• [TASK PROMPT]:
In the records that follow, show each line where the word "Energy" is present.

----- RECORDS TO USE -----

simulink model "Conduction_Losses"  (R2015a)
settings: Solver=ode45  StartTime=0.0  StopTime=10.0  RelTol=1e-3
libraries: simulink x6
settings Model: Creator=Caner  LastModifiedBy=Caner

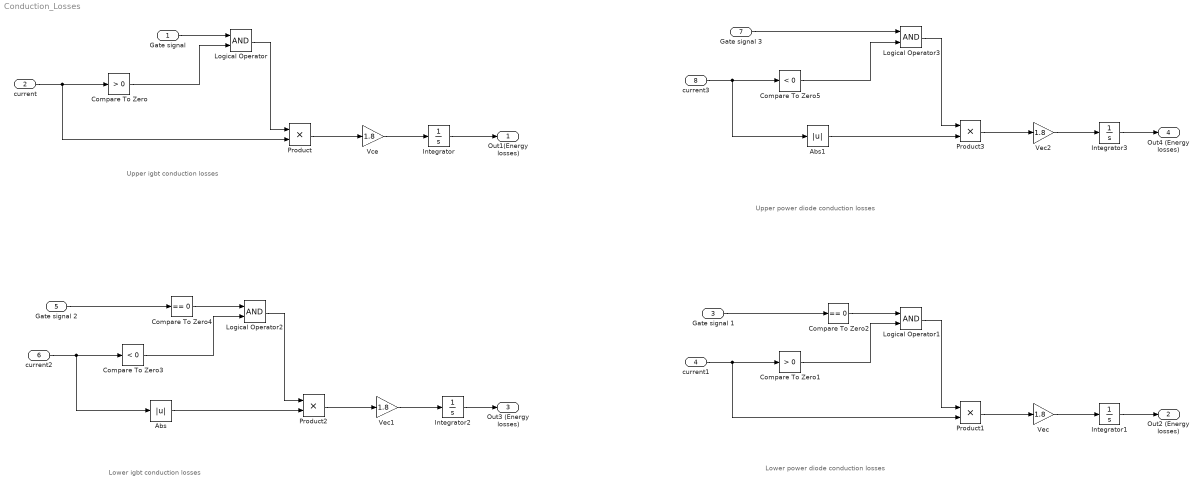
== system Conduction_Losses ==
  note: Upper power diode conduction losses
  note: Lower igbt conduction losses
  note: Lower power diode conduction losses
  note: Upper igbt conduction losses
  "Gate signal " : Inport
  current : Inport  Port=2
  Gate signal 1 : Inport  Port=3
  current1 : Inport  Port=4
  Gate signal 2 : Inport  Port=5
  current2 : Inport  Port=6
  Gate signal 3 : Inport  Port=7
  current3 : Inport  Port=8
  Abs : Abs
  Abs1 : Abs
  Compare To Zero : simulink/Logic and Bit Operations/Compare To Zero  relop=>  OutDataTypeStr=boolean
  Compare To Zero1 : simulink/Logic and Bit Operations/Compare To Zero  relop=>  OutDataTypeStr=boolean
  Compare To Zero2 : simulink/Logic and Bit Operations/Compare To Zero  relop===  OutDataTypeStr=boolean
  Compare To Zero3 : simulink/Logic and Bit Operations/Compare To Zero  relop=<  OutDataTypeStr=boolean
  Compare To Zero4 : simulink/Logic and Bit Operations/Compare To Zero  relop===  OutDataTypeStr=boolean
  Compare To Zero5 : simulink/Logic and Bit Operations/Compare To Zero  relop=<  OutDataTypeStr=boolean
  Integrator{,1..3} (4 alike) : Integrator
  Logical Operator{,1..3} (4 alike) : Logic  AllPortsSameDT=off  OutDataTypeStr=boolean
  Product{,1..3} (4 alike) : Product
  Vce : Gain  Gain=1.8
  Vec : Gain  Gain=1.8
  Vec1 : Gain  Gain=1.8
  Vec2 : Gain  Gain=1.8
  Out1(Energy losses) : Outport
  Out2 (Energy losses) : Outport  Port=2
  Out3 (Energy losses) : Outport  Port=3
  Out4 (Energy losses) : Outport  Port=4
  wires:
  current/1 -> Product/2, Compare To Zero/1
  "Gate signal "/1 -> Logical Operator/1
  Compare To Zero/1 -> Logical Operator/2
  Logical Operator/1 -> Product/1
  Product/1 -> Vce/1
  Vce/1 -> Integrator/1
  Integrator/1 -> Out1(Energy losses)/1
  current1/1 -> Product1/2, Compare To Zero1/1
  Gate signal 1/1 -> Compare To Zero2/1
  Compare To Zero1/1 -> Logical Operator1/2
  Logical Operator1/1 -> Product1/1
  Product1/1 -> Vec/1
  Vec/1 -> Integrator1/1
  Integrator1/1 -> Out2 (Energy losses)/1
  Compare To Zero2/1 -> Logical Operator1/1
  current2/1 -> Abs/1, Compare To Zero3/1
  Gate signal 2/1 -> Compare To Zero4/1
  Compare To Zero3/1 -> Logical Operator2/2
  Logical Operator2/1 -> Product2/1
  Product2/1 -> Vec1/1
  Vec1/1 -> Integrator2/1
  Integrator2/1 -> Out3 (Energy losses)/1
  Compare To Zero4/1 -> Logical Operator2/1
  Abs/1 -> Product2/2
  current3/1 -> Abs1/1, Compare To Zero5/1
  Compare To Zero5/1 -> Logical Operator3/2
  Logical Operator3/1 -> Product3/1
  Product3/1 -> Vec2/1
  Vec2/1 -> Integrator3/1
  Integrator3/1 -> Out4 (Energy losses)/1
  Abs1/1 -> Product3/2
  Gate signal 3/1 -> Logical Operator3/1

-----

• [TASK ANSWER]:
  Out1(Energy losses) : Outport
  Out2 (Energy losses) : Outport  Port=2
  Out3 (Energy losses) : Outport  Port=3
  Out4 (Energy losses) : Outport  Port=4
  Integrator/1 -> Out1(Energy losses)/1
  Integrator1/1 -> Out2 (Energy losses)/1
  Integrator2/1 -> Out3 (Energy losses)/1
  Integrator3/1 -> Out4 (Energy losses)/1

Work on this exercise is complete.